OK, this is looking good, aside from not covering all the fields, which we cannot do now since not all of them are fixed yet.

So, should we:

a) Wait until all the other critical children on the parent are done, and make this patch cover everything then?

b) Commit it now with a follow-up to have this cover everything when the other issues are done? [add lots of @todo statements to this patch, one per test class, and a new issue they can all point to]

c) Something else?

I agree. So I filed a followup; patch just needs @todo added to refer to it. [so, needs work]
#2464635: Follow-up: Enable additional tests for base entity field access checking in Views

Oops.

1. +++ b/core/lib/Drupal/Core/Field/Plugin/Field/FieldType/EntityReferenceItem.php
   @@ -31,6 +31,7 @@
   + *   default_formatter = "entity_reference_label",
   

   Is this from a different issue?

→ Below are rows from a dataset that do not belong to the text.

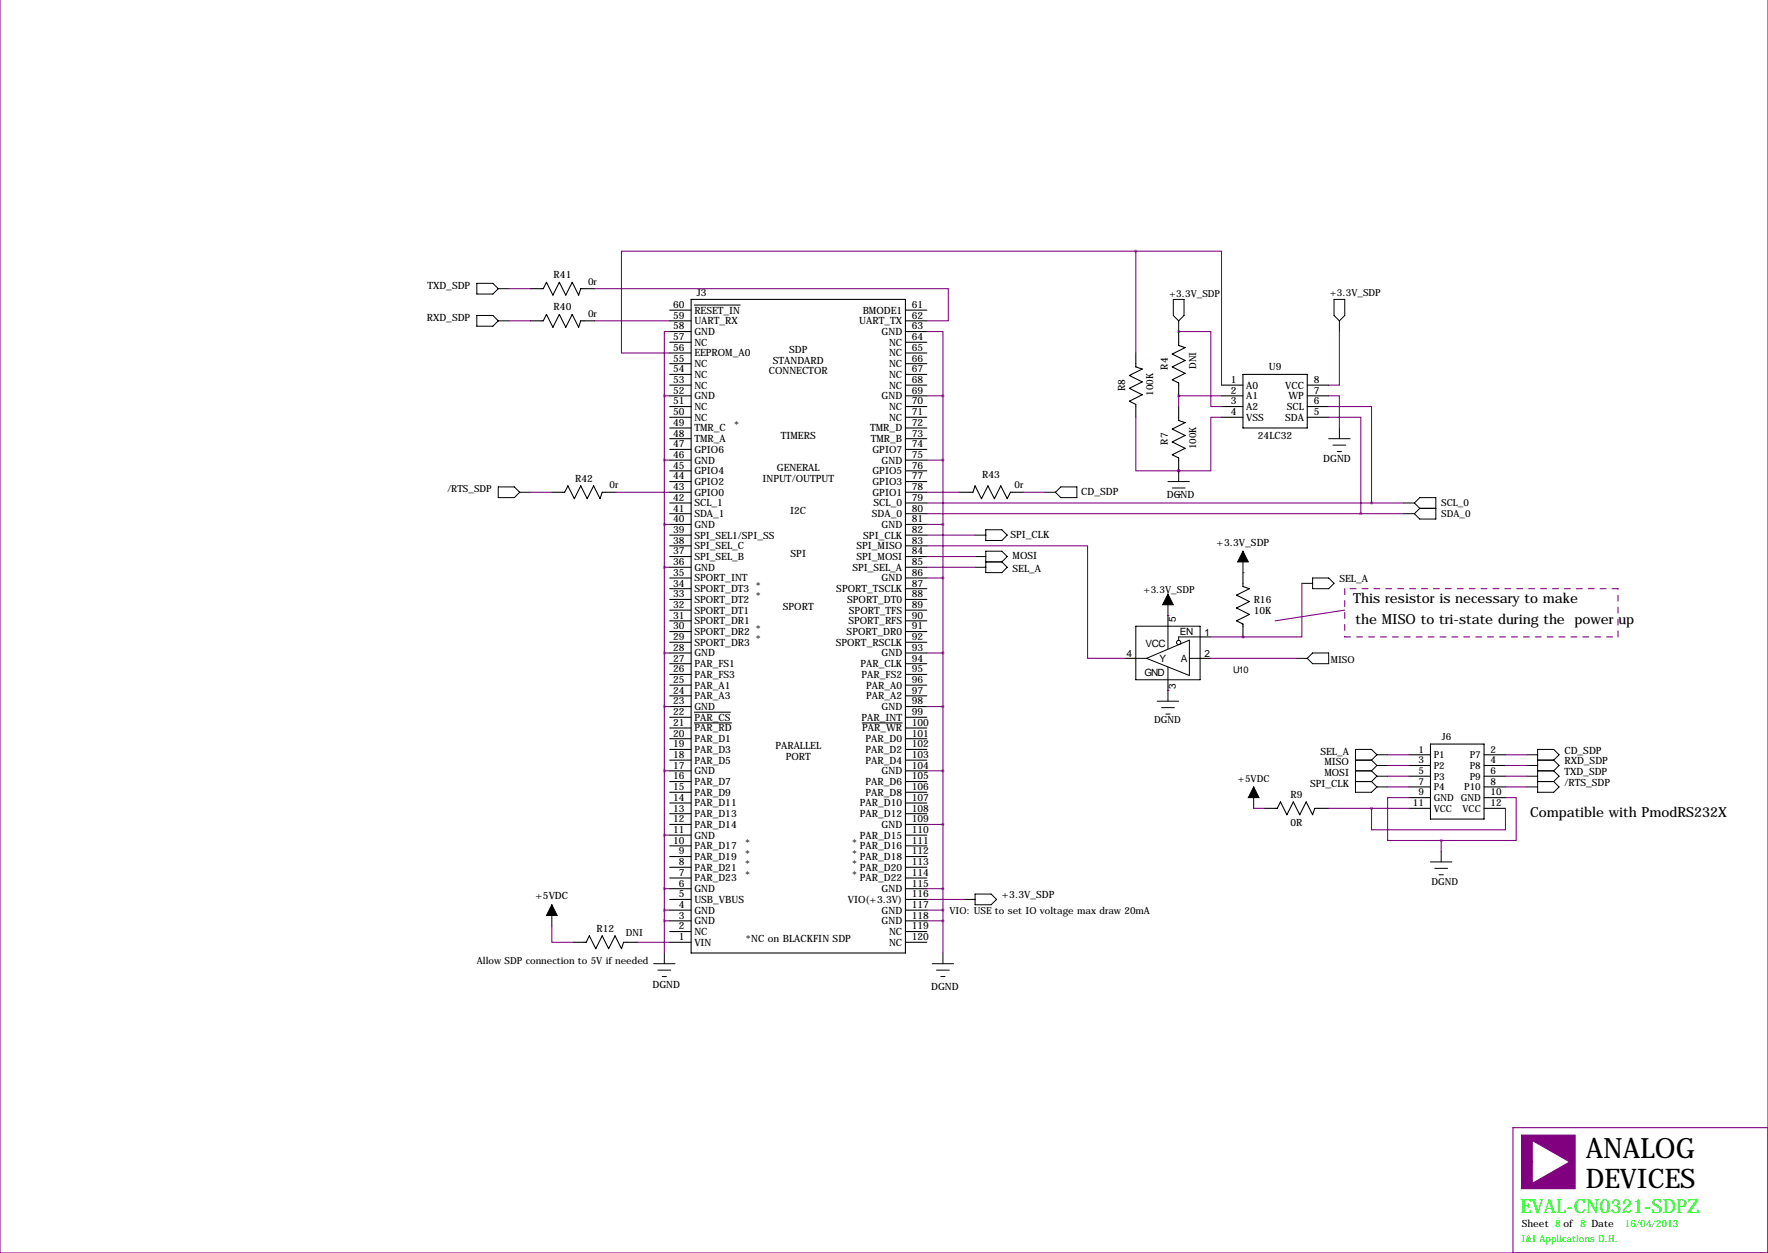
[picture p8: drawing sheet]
<svg xmlns="http://www.w3.org/2000/svg" width="419mm" height="297mm" viewBox="0 0 419 297" stroke-linecap="round" stroke-linejoin="round" font-family="sans-serif">
<path d="M318.8 139.6v11.4M383.5 139.6h-64.7M318.8 151h64.7M383.5 151v-11.4" fill="none" stroke="#800080" stroke-width=".25" stroke-dasharray="1.4 1.4"/>
<g fill="none" stroke="#800080" stroke-width=".25">
<path d="M419.1 -.1v297.1h-419.1v-297.1M269.2 59.5h20.4v31.8M269.2 59.5h-121.9v24.2h11.4M269.2 59.5v24.2M120.6 76.1h5.1M120.6 68.4h5.1M141 68.4h83.8v7.7h-5.1M141 76.1h17.7M158.7 78.6h-1.2v15.2M219.7 78.6h3.8v15.2M279.4 78.6h7.6v17.8h2.6M279.4 78.6h.1"/>
<path d="M317.5 78.6v12.7h-2.5M157.5 93.8h1.2M157.5 93.8v132.1M219.7 93.8h3.8M223.5 93.8v132.1M269.2 98.9v12.7h10.2M279.4 93.8h.1M279.4 93.8h10.2M279.4 93.8v2.6M289.6 98.9h-2.6v12.7h-7.6M315 93.8h2.5v7.7M315 98.9h7.6v22.9"/>
<path d="M315 96.4h10.1v22.8M125.7 116.7h5.1M146 116.7h12.7M157.5 109.1h1.2M219.7 109.1h3.8M219.7 119.2h113M219.7 116.7h7.6M242.6 116.7h5M279.4 111.6h.1M157.5 134.5h1.2M157.5 124.3h1.2M219.7 129.4h38.1v26.7h8.9"/>
<path d="M219.7 134.5h11.4M219.7 124.3h3.8M219.7 137h3.8M219.7 121.8h113M219.7 131.9h11.4M219.7 126.9h11.4M294.6 135.7h.1M308.6 138.3v12.7h-14M157.5 154.8h1.2M219.7 154.8h3.8M276.9 145.9h.1M287 156.1h20.3"/>
<path d="M287 151h7.6M294.6 151h.1M318.8 144.6l-16.5 2.6M157.5 167.5h1.2M219.7 167.5h3.8M276.9 163.7h.1M328.9 178.9h5.1M356.9 178.9h5M157.5 182.7h1.2M157.5 198h1.2M219.7 182.7h3.8M219.7 195.4h3.8"/>
<path d="M297.2 191.6h2.5M315 191.6h19M325.1 191.6v5.1h31.8v-5.1M328.9 181.5h5.1M328.9 184h5.1M328.9 186.5h5.1M334 189.1h-5.1v10.1h12.7M341.6 199.2v2.6M356.9 189.1h2.5v10.1h-17.8M356.9 181.5h5M356.9 184h5M356.9 186.5h5"/>
<path d="M130.8 219.6v3.8h5.1M157.5 215.8h1.2M157.5 218.3h1.2M157.5 210.7h1.2M219.7 215.8h3.8M219.7 218.3h3.8M219.7 210.7h3.8M219.7 213.2h8.9M151.1 223.4h7.6M419.1 267.3h-60.5v29.7"/>
</g>
<path d="M360.7 269.1h12.7v12.7h-12.7v-6.4h2.5v5.1l8.9-5.1-8.9-5v5h-2.5z" fill="#800080" stroke="#800080" stroke-width=".25"/>
<g fill="none" stroke="#000" stroke-width=".25">
<path d="M125.7 76.1h3.1l.7-1.6 1.6 3.1 1.5-3.1 1.5 3.1 1.5-3.1 1.6 3.1 .5-1.5h3.3M125.7 68.4h3.1l.7-1.5 1.6 3.1 1.5-3.1 1.5 3.1 1.5-3.1 1.6 3.1 .5-1.6h3.3M158.7 78.6h5.1M158.7 76.1h5.1M158.7 73.5h5.1M163.8 71h50.8v154.9h-50.8zM164.6 72.3h10.9M214.6 78.6h5.1M214.6 76.1h5.1M214.6 73.5h5.1M279.4 78.6v3.3l1.5 .5-3 1.5 3 1.6-3 1.5 3 1.5-3 1.5 1.5 .8v3M158.7 98.9h5.1"/>
<path d="M158.7 96.4h5.1M158.7 93.8h5.1M158.7 91.3h5.1M158.7 88.8h5.1M158.7 86.2h5.1M158.7 83.7h5.1M158.7 81.1h5.1M214.6 98.9h5.1M214.6 96.4h5.1M214.6 93.8h5.1M214.6 91.3h5.1M214.6 88.8h5.1"/>
<path d="M214.6 86.2h5.1M214.6 83.7h5.1M214.6 81.1h5.1M269.2 83.7v3.3l1.6 .5-3.1 1.5 3.1 1.5-3.1 1.6 3.1 1.5-3.1 1.5 1.5 .8v3M279.4 96.4v3.3l1.5 .5-3 1.5 3 1.5-3 1.6 3 1.5-3 1.5 1.5 .8v3M289.6 98.9h5M289.6 96.4h5M289.6 93.8h5M289.6 91.3h5M294.6 88.8h15.3v12.7h-15.3zM309.9 98.9h5.1M309.9 96.4h5.1"/>
<path d="M309.9 93.8h5.1M309.9 91.3h5.1M130.8 116.7h3.1l.7-1.5 1.5 3 1.6-3 1.5 3 1.5-3 1.5 3 .5-1.5h3.3M158.7 119.2h5.1M158.7 116.7h5.1M158.7 114.2h5.1M158.7 111.6h5.1M158.7 109.1h5.1M158.7 106.5h5.1M158.7 104h5.1M158.7 101.5h5.1M214.6 119.2h5.1"/>
<path d="M214.6 116.7h5.1M214.6 114.2h5.1M214.6 111.6h5.1M214.6 109.1h5.1M214.6 106.5h5.1M214.6 104h5.1M214.6 101.5h5.1M227.3 116.7h3.3l.5-1.5 1.6 3 1.5-3 1.5 3 1.5-3 1.6 3 .7-1.5h3.1M158.7 139.6h5.1M158.7 137h5.1M158.7 134.5h5.1M158.7 131.9h5.1"/>
<path d="M158.7 129.4h5.1M158.7 126.9h5.1M158.7 124.3h5.1M158.7 121.8h5.1M214.6 139.6h5.1M214.6 137h5.1M214.6 134.5h5.1M214.6 131.9h5.1M214.6 129.4h5.1M214.6 126.9h5.1M214.6 124.3h5.1M214.6 121.8h5.1"/>
<path d="M294.6 135.7v3.4l1.6 .5-3.1 1.5 3.1 1.5-3.1 1.5 3.1 1.6-3.1 1.5 1.5 .7v3.1M158.7 159.9h5.1M158.7 157.3h5.1M158.7 154.8h5.1M158.7 152.3h5.1M158.7 149.7h5.1M158.7 147.2h5.1M158.7 144.6h5.1M158.7 142.1h5.1M214.6 159.9h5.1M214.6 157.3h5.1M214.6 154.8h5.1"/>
<path d="M214.6 152.3h5.1M214.6 149.7h5.1M214.6 147.2h5.1M214.6 144.6h5.1M214.6 142.1h5.1M266.7 156.1h2.5M276.9 145.9v2.5M284.5 156.1h2.5M284.5 151h2.5M158.7 177.7h5.1M158.7 175.1h5.1M158.7 172.6h5.1"/>
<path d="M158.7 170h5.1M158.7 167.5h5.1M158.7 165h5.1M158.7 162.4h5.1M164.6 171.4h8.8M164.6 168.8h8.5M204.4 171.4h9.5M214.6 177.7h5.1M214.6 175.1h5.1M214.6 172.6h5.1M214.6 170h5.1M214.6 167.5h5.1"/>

I guess it's OK to have here if it's needed.

2. +++ b/core/modules/aggregator/src/Tests/Views/AggregatorFeedViewsFieldAccessTest.php
   @@ -0,0 +1,52 @@
   +   * Check access for aggregator_feed fields.
   

   Nitpick: checks not check

3. +++ b/core/modules/aggregator/src/Tests/Views/AggregatorItemViewsFieldAccessTest.php
   @@ -0,0 +1,60 @@
   +   * Check access for aggregator_item fields.
   

   Same here. Etc.

4. +++ b/core/modules/comment/src/Tests/Views/CommentViewsFieldAccessTest.php
   @@ -0,0 +1,81 @@
   +    // @todo Expand the test coverage in https://www.drupal.org/node/2462589
   

   I think these are the wrong link? should be https://www.drupal.org/node/2464635 ?

+++ b/core/modules/node/src/Tests/Views/NodeViewsFieldAccessTest.php
@@ -0,0 +1,77 @@
+    // @todo Don't we want to display Published / Unpublished by default?
+    $this->assertFieldAccess('node', 'status', 'On');
+    $this->assertFieldAccess('node', 'promote', 'On');
+    $this->assertFieldAccess('node', 'sticky', 'Off');

is this still intended to be done in this issue, or do we need a follow-up to reference?

+++ b/core/modules/views/src/Tests/Handler/FieldFieldAccessTestBase.php
@@ -0,0 +1,141 @@
+  protected function assertFieldAccess($entity_type_id, $field_name, $field_content) {

This method is slick, love it

So given the goal is to get this in and then uncomment lines in the follow up after the conversions are done, I think this is ready.

Boldly setting to RTBC.

+1 for RTBC. And +1 for a follow-up (not at all related to this patch) that sets the default for Status field to Published/Unpublished. Actually though we should probably file that issue and either put the issue link in the @todo or take it out since that's not where the code will go. And...

+    // @todo Don't we want to display Published / Unpublished by default?
+    $this->assertFieldAccess('node', 'status', 'On');
+    $this->assertFieldAccess('node', 'promote', 'On');
+    $this->assertFieldAccess('node', 'sticky', 'Off');

Presumably Status should say "Published"/"Unpublished", promote should say "Promoted"/"Not promoted", and sticky should say "Sticky"/Not sticky. We should be able to do all of them in one issue.

Needs work to fix/remove that @todo and file the new issue.

Excellent. This looks like a really great start.

Committed and pushed to 8.0.x. Thanks!